With the tech-heavy Nasdaq Composite index on a bull run and in record territory, it looks like investors are optimistic about the corporate landscape these days. Many prominent businesses have seen their share prices soar in recent times amid the favorable backdrop.

There's one growth stock that might fly under the radar, though. Part of the reason is that most investors might not be familiar with the business. The other reason is that shares are currently 63% below their peak price.

That shouldn't discourage you. Here's why it might be a smart idea to buy this growth stock with $1,000 right now and hold through 2024 and beyond.

Becoming a mission-critical provider

Providing a full suite of cloud-based solutions to the restaurant industry, like point-of-sale hardware, payroll processing, omnichannel ordering capabilities, employee management, and supply price tracking, Toast (TOST 3.42%) is a company that investors should take a closer look at. The business was founded with the goal of making life easier for owners and operators with a single all-in-one software solution.

Toast's management team understands how complex and difficult it can be for a restaurant location to operate seamlessly. That's why it is constantly focused on introducing new products and features to better serve its customers. As restaurants use more of these tools over time, depending on Toast as an essential service provider, the company starts to develop an economic moat thanks to switching costs.

But while Toast can hold on to its current customers, its competitors could also benefit from the same thing. Rivals like Clover, Lightspeed, and Block's Square all likely have lock-in from their customer bases as well. This just means Toast must continue improving its services offerings to maintain and grow its market share over time. An impressive 20% of new customers came from referrals, demonstrating strong mindshare.

Staring at a huge opportunity

Speaking of the market, it's truly massive. Management says that there are 860,000 different restaurant locations in the U.S. Toast has meaningful share of this. After the business added 27,000 new customers in 2023, it now has about 12% of the overall domestic market as its users.

And there are 22 million total restaurant locations if we include other countries across the globe. Should the business be successful at repeating its success in the U.S. in international markets, there's even more growth potential.

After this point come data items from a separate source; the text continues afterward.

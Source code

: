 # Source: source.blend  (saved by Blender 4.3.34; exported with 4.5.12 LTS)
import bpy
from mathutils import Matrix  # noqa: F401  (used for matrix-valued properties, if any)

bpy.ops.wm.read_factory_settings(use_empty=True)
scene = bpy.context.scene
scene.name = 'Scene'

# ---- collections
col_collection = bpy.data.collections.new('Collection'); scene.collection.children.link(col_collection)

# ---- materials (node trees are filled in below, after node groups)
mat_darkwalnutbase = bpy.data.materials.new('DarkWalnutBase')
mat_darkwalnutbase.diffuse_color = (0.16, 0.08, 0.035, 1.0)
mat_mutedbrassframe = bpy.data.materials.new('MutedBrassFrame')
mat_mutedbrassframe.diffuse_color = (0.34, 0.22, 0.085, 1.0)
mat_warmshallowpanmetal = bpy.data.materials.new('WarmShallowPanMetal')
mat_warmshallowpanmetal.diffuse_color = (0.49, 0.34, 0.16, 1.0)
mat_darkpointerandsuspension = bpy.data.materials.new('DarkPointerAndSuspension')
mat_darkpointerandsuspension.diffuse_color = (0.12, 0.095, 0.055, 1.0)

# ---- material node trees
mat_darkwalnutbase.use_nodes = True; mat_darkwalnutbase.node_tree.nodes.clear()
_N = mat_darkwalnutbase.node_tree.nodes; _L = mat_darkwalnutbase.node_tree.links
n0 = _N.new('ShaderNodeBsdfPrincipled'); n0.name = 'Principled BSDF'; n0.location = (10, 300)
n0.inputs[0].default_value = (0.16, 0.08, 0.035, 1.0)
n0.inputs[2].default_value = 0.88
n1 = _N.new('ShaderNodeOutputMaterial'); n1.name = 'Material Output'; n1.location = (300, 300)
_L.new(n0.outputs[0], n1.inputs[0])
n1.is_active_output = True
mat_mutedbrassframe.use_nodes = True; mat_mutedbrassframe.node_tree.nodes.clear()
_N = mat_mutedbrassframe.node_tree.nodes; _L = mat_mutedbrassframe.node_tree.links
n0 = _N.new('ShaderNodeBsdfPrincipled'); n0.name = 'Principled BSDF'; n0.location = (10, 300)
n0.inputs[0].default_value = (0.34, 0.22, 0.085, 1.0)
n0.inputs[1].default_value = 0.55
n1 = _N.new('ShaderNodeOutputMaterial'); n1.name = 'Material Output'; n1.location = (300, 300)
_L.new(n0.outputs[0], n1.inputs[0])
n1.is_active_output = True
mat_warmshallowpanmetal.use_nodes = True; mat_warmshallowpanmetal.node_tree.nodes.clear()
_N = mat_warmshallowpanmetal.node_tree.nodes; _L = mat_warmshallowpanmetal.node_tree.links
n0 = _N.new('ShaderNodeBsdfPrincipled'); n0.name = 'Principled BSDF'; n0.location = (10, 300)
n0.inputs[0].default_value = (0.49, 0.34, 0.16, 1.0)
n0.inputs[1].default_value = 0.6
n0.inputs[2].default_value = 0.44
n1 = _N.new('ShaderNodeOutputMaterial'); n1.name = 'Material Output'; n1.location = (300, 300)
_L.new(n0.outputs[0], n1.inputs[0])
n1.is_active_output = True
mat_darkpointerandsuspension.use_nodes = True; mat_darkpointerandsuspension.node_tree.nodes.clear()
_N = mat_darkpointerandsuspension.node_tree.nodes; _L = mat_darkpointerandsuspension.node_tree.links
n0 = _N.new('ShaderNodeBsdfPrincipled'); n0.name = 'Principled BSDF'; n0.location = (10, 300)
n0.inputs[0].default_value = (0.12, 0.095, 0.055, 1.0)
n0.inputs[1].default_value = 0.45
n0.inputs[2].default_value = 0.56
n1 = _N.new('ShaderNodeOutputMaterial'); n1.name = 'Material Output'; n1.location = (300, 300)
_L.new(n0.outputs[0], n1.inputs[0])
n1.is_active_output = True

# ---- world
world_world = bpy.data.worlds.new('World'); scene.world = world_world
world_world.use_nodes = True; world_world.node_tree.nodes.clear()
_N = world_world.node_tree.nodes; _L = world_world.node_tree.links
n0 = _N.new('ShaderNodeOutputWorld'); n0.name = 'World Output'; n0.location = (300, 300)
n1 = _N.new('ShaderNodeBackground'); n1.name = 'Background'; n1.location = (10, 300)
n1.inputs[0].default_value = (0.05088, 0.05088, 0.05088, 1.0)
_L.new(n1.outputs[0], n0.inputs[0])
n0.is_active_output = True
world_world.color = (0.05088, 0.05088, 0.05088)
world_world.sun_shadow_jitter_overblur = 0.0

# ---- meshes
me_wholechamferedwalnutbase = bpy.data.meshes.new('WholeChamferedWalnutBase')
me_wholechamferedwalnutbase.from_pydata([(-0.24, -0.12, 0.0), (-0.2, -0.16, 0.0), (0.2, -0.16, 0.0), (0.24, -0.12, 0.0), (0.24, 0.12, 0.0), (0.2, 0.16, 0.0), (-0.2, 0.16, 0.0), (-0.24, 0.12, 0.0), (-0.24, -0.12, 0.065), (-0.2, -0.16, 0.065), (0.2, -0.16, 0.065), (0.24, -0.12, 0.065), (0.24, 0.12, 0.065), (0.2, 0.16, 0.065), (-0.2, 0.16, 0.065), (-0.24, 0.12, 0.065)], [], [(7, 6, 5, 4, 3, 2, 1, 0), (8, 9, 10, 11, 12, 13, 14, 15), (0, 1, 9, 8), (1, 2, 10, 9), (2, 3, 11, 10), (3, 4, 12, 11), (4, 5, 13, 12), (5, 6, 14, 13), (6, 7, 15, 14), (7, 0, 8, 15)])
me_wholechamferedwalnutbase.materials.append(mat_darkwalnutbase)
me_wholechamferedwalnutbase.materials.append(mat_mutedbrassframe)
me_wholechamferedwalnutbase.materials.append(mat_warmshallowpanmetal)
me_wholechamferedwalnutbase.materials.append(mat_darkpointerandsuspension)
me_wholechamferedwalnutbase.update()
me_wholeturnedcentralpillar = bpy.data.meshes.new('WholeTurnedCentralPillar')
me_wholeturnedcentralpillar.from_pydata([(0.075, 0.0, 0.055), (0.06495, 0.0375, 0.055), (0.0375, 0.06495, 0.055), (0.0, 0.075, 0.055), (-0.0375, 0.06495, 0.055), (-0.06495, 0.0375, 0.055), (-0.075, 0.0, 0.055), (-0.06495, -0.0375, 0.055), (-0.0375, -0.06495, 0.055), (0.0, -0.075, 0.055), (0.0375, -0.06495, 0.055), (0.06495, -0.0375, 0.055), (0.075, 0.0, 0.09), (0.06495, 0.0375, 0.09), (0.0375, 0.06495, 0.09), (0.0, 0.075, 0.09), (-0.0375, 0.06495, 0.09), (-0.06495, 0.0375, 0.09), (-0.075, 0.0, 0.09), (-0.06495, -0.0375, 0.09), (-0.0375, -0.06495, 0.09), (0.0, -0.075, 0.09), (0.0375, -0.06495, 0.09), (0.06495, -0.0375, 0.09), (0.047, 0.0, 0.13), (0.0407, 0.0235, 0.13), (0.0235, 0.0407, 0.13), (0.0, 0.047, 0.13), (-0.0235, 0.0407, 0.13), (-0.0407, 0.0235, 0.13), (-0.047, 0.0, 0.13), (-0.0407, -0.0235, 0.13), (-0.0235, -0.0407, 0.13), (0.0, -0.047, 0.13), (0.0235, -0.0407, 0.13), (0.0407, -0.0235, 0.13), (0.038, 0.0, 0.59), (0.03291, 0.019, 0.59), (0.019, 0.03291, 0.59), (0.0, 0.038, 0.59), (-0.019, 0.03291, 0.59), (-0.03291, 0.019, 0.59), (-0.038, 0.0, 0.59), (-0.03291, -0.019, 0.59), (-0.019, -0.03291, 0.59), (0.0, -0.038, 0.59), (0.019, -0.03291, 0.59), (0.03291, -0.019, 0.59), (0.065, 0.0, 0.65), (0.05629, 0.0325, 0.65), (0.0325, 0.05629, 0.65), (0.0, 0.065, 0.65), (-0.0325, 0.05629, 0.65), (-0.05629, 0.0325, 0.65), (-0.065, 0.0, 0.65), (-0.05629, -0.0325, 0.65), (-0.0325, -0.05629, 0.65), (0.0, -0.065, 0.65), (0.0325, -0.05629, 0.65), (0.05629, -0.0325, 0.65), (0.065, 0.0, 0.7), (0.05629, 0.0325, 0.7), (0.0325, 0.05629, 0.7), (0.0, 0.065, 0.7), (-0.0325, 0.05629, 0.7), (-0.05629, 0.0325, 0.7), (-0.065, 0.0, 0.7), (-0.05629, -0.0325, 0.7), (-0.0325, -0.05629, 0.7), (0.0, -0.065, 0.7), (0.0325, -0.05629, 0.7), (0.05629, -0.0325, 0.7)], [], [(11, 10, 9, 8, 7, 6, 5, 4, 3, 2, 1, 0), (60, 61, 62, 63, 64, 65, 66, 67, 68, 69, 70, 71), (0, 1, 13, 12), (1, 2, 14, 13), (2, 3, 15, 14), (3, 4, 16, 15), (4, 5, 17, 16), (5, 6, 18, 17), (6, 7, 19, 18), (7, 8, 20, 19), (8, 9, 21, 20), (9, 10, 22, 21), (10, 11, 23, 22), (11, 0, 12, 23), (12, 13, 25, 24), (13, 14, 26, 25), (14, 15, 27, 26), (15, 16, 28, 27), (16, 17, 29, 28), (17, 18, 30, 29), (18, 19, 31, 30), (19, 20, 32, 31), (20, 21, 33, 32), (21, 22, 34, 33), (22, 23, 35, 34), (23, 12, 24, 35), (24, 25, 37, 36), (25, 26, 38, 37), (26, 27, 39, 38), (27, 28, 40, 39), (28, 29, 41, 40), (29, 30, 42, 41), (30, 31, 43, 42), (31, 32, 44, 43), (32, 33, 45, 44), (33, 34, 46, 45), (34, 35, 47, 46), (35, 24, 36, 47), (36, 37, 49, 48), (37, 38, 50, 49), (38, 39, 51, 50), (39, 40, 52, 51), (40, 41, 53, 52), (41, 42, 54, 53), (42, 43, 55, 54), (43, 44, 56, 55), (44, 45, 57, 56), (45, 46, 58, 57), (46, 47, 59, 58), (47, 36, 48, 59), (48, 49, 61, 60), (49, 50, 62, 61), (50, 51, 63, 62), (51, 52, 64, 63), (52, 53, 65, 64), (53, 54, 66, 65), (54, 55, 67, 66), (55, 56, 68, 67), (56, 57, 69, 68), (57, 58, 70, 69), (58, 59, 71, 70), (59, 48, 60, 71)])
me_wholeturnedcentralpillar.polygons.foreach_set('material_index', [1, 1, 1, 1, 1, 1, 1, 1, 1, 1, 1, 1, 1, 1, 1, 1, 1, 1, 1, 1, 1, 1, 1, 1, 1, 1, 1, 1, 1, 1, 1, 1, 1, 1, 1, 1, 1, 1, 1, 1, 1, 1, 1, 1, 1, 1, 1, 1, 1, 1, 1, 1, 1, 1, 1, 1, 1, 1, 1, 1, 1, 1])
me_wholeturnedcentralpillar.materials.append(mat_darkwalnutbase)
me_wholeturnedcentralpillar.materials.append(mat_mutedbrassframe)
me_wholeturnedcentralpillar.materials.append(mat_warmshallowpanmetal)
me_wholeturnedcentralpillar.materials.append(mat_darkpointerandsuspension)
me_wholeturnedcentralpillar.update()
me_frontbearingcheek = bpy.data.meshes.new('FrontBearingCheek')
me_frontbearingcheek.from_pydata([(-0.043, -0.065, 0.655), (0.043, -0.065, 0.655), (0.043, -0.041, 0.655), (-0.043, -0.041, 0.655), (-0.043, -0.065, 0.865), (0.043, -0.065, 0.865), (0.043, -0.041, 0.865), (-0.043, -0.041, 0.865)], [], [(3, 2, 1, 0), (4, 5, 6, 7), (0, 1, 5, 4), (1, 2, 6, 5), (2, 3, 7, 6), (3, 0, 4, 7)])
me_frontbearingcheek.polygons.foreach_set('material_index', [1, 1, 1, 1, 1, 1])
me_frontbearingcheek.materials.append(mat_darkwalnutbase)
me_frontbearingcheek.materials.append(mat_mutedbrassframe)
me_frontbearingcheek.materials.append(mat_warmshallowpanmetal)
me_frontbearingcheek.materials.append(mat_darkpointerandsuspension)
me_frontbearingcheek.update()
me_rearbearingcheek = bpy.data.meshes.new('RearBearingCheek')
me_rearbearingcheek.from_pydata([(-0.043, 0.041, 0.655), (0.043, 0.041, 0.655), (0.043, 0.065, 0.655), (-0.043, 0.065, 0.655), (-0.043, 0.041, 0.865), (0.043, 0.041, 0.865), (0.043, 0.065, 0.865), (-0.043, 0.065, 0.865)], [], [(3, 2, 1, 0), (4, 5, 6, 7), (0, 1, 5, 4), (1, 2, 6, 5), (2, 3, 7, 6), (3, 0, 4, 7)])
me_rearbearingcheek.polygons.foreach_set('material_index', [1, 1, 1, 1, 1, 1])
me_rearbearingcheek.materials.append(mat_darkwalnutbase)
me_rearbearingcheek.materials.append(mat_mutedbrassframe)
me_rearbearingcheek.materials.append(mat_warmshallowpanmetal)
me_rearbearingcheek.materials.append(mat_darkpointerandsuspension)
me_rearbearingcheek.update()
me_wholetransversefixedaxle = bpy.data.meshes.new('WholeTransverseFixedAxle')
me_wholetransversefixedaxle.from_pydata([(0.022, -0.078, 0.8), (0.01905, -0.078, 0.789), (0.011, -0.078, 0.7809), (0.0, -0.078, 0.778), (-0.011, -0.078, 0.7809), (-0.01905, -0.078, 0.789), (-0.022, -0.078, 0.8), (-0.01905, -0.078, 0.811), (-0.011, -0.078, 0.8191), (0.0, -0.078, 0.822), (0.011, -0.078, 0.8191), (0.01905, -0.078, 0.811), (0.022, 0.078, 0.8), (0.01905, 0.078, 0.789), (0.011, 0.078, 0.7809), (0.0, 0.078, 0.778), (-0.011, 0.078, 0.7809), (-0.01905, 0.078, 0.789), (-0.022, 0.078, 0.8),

Even in uncertain economic times, growth has been stellar. Revenue increased by 42% in 2023. Although that's a slowdown from the the past couple years, it's still a rapid pace.

Toast will benefit from the ongoing broader shift to more cloud-based solutions. It is estimated that $55 billion is spent annually in the U.S. by restaurants on technological services and tools. This just means there's a huge expansionary runway over the decades ahead, with a leading brand like Toast in a favorable position.

Buying the dip

There has been some bullish momentum for Toast in the past four months -- shares are up 32% as of March 22. But as I mentioned above, the stock is still significantly below its peak price set in November 2021, not long after the company's initial public offering.

Perhaps the market is warming up to this business and its prospects. Even so, shares trade below 3.4 times trailing sales. That's not a steep valuation to pay for a company that already benefits from competitive advantages and has sizable growth potential.

Investors shouldn't think hard about this one. Toast looks like a smart stock to buy on the dip with $1,000 right now. And shares are poised to do well over the long term.